-- DATASET follows --
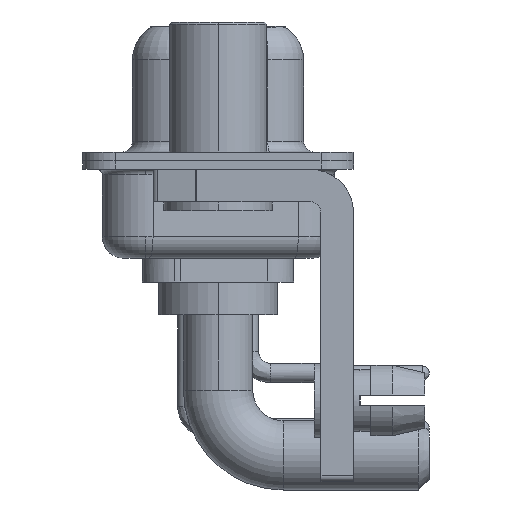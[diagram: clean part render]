
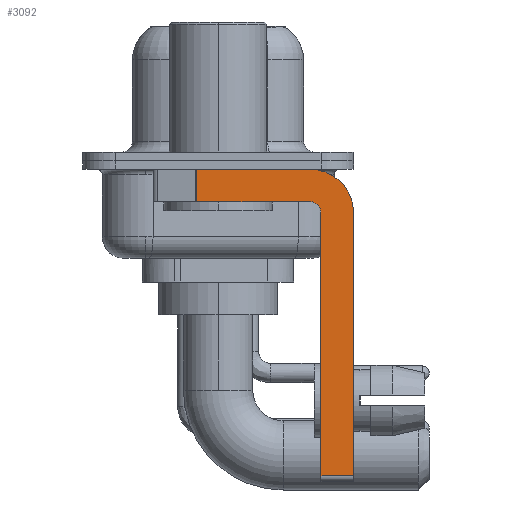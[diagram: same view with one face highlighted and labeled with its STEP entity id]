
A CAD part, left-side view. The second image highlights one B-rep face of the part: STEP entity #3092.
In plain terms, the highlighted planar face has unit normal (-1, 0, 0).
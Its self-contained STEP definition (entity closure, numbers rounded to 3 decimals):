
#45 = ORIENTED_EDGE ( 'NONE', *, *, #5757, .F. ) ;
#236 = LINE ( 'NONE', #1797, #17613 ) ;
#726 = CARTESIAN_POINT ( 'NONE',  ( -2.9, -4.25, -0.4 ) ) ;
#1777 = VERTEX_POINT ( 'NONE', #4942 ) ;
#1797 = CARTESIAN_POINT ( 'NONE',  ( -2.9, -4.25, -1.9 ) ) ;
#2208 = DIRECTION ( 'NONE',  ( 0., 0., -1. ) ) ;
#2331 = CIRCLE ( 'NONE', #6593, 2. ) ;
#2436 = EDGE_LOOP ( 'NONE', ( #10477, #22386, #17384, #18228, #45, #11481, #5623, #11283 ) ) ;
#3092 = ADVANCED_FACE ( 'NONE', ( #6260 ), #6143, .F. ) ;
#3889 = CARTESIAN_POINT ( 'NONE',  ( -2.9, -4.25, -14.55 ) ) ;
#4396 = VECTOR ( 'NONE', #17489, 1000. ) ;
#4942 = CARTESIAN_POINT ( 'NONE',  ( -2.9, -4.25, -1.9 ) ) ;
#5421 = DIRECTION ( 'NONE',  ( 0., 1., 0. ) ) ;
#5623 = ORIENTED_EDGE ( 'NONE', *, *, #12557, .F. ) ;
#5757 = EDGE_CURVE ( 'NONE', #8678, #9467, #18134, .T. ) ;
#5815 = CARTESIAN_POINT ( 'NONE',  ( -2.9, -6.25, -14.55 ) ) ;
#6081 = DIRECTION ( 'NONE',  ( 1., 0., 0. ) ) ;
#6143 = PLANE ( 'NONE',  #17071 ) ;
#6260 = FACE_OUTER_BOUND ( 'NONE', #2436, .T. ) ;
#6593 = AXIS2_PLACEMENT_3D ( 'NONE', #13405, #6081, #20726 ) ;
#6860 = DIRECTION ( 'NONE',  ( 0., 0., 1. ) ) ;
#6981 = CARTESIAN_POINT ( 'NONE',  ( -2.9, -4.75, -14.8 ) ) ;
#7157 = CARTESIAN_POINT ( 'NONE',  ( -2.9, -4.25, -2.4 ) ) ;
#7255 = VECTOR ( 'NONE', #2208, 1000. ) ;
#8071 = DIRECTION ( 'NONE',  ( 1., 0., 0. ) ) ;
#8337 = DIRECTION ( 'NONE',  ( 0., -1., 0. ) ) ;
#8678 = VERTEX_POINT ( 'NONE', #16023 ) ;
#8873 = EDGE_CURVE ( 'NONE', #9467, #1777, #18196, .T. ) ;
#9467 = VERTEX_POINT ( 'NONE', #22226 ) ;
#9577 = VECTOR ( 'NONE', #8337, 1000. ) ;
#10376 = CARTESIAN_POINT ( 'NONE',  ( -2.9, 3., -0.4 ) ) ;
#10477 = ORIENTED_EDGE ( 'NONE', *, *, #15186, .F. ) ;
#10492 = CARTESIAN_POINT ( 'NONE',  ( -2.9, 0.978, -0.4 ) ) ;
#11222 = VECTOR ( 'NONE', #6860, 1000. ) ;
#11283 = ORIENTED_EDGE ( 'NONE', *, *, #15885, .F. ) ;
#11481 = ORIENTED_EDGE ( 'NONE', *, *, #23567, .T. ) ;
#12557 = EDGE_CURVE ( 'NONE', #16480, #16474, #23639, .T. ) ;
#12675 = LINE ( 'NONE', #3889, #13358 ) ;
#12881 = DIRECTION ( 'NONE',  ( 0., 0., 1. ) ) ;
#13345 = DIRECTION ( 'NONE',  ( 0., 0., -1. ) ) ;
#13358 = VECTOR ( 'NONE', #20240, 1000. ) ;
#13375 = CARTESIAN_POINT ( 'NONE',  ( -2.9, -6.25, -2.4 ) ) ;
#13405 = CARTESIAN_POINT ( 'NONE',  ( -2.9, -4.25, -2.4 ) ) ;
#14865 = EDGE_CURVE ( 'NONE', #1777, #18834, #236, .T. ) ;
#15186 = EDGE_CURVE ( 'NONE', #16672, #15212, #19253, .T. ) ;
#15212 = VERTEX_POINT ( 'NONE', #726 ) ;
#15885 = EDGE_CURVE ( 'NONE', #15212, #16480, #2331, .T. ) ;
#16023 = CARTESIAN_POINT ( 'NONE',  ( -2.9, -4.75, -14.55 ) ) ;
#16474 = VERTEX_POINT ( 'NONE', #5815 ) ;
#16480 = VERTEX_POINT ( 'NONE', #13375 ) ;
#16672 = VERTEX_POINT ( 'NONE', #10492 ) ;
#17071 = AXIS2_PLACEMENT_3D ( 'NONE', #18644, #8071, #13345 ) ;
#17384 = ORIENTED_EDGE ( 'NONE', *, *, #14865, .F. ) ;
#17489 = DIRECTION ( 'NONE',  ( 0., 0., -1. ) ) ;
#17613 = VECTOR ( 'NONE', #5421, 1000. ) ;
#17819 = AXIS2_PLACEMENT_3D ( 'NONE', #7157, #20216, #12881 ) ;
#18134 = LINE ( 'NONE', #6981, #11222 ) ;
#18196 = CIRCLE ( 'NONE', #17819, 0.5 ) ;
#18228 = ORIENTED_EDGE ( 'NONE', *, *, #8873, .F. ) ;
#18644 = CARTESIAN_POINT ( 'NONE',  ( -2.9, -4.25, -2.4 ) ) ;
#18834 = VERTEX_POINT ( 'NONE', #21339 ) ;
#19144 = EDGE_CURVE ( 'NONE', #16672, #18834, #22879, .T. ) ;
#19253 = LINE ( 'NONE', #10376, #9577 ) ;
#19286 = CARTESIAN_POINT ( 'NONE',  ( -2.9, 0.978, -1.9 ) ) ;
#20216 = DIRECTION ( 'NONE',  ( -1., 0., 0. ) ) ;
#20240 = DIRECTION ( 'NONE',  ( 0., -1., 0. ) ) ;
#20726 = DIRECTION ( 'NONE',  ( 0., 0., -1. ) ) ;
#21339 = CARTESIAN_POINT ( 'NONE',  ( -2.9, 0.978, -1.9 ) ) ;
#22226 = CARTESIAN_POINT ( 'NONE',  ( -2.9, -4.75, -2.4 ) ) ;
#22386 = ORIENTED_EDGE ( 'NONE', *, *, #19144, .T. ) ;
#22879 = LINE ( 'NONE', #19286, #4396 ) ;
#23523 = CARTESIAN_POINT ( 'NONE',  ( -2.9, -6.25, -2.4 ) ) ;
#23567 = EDGE_CURVE ( 'NONE', #8678, #16474, #12675, .T. ) ;
#23639 = LINE ( 'NONE', #23523, #7255 ) ;
-- DATASET concluded --
*EXERCISE*
In your answer, include only the lines above starting at the line that holds "#14865 = EDGE_CURVE" and ending at the line that holds "#16672 = VERTEX_POINT ( 'NONE', #10492 ) ;", copied exactly.

*RESPONSE AREA*
#14865 = EDGE_CURVE ( 'NONE', #1777, #18834, #236, .T. ) ;
#15186 = EDGE_CURVE ( 'NONE', #16672, #15212, #19253, .T. ) ;
#15212 = VERTEX_POINT ( 'NONE', #726 ) ;
#15885 = EDGE_CURVE ( 'NONE', #15212, #16480, #2331, .T. ) ;
#16023 = CARTESIAN_POINT ( 'NONE',  ( -2.9, -4.75, -14.55 ) ) ;
#16474 = VERTEX_POINT ( 'NONE', #5815 ) ;
#16480 = VERTEX_POINT ( 'NONE', #13375 ) ;
#16672 = VERTEX_POINT ( 'NONE', #10492 ) ;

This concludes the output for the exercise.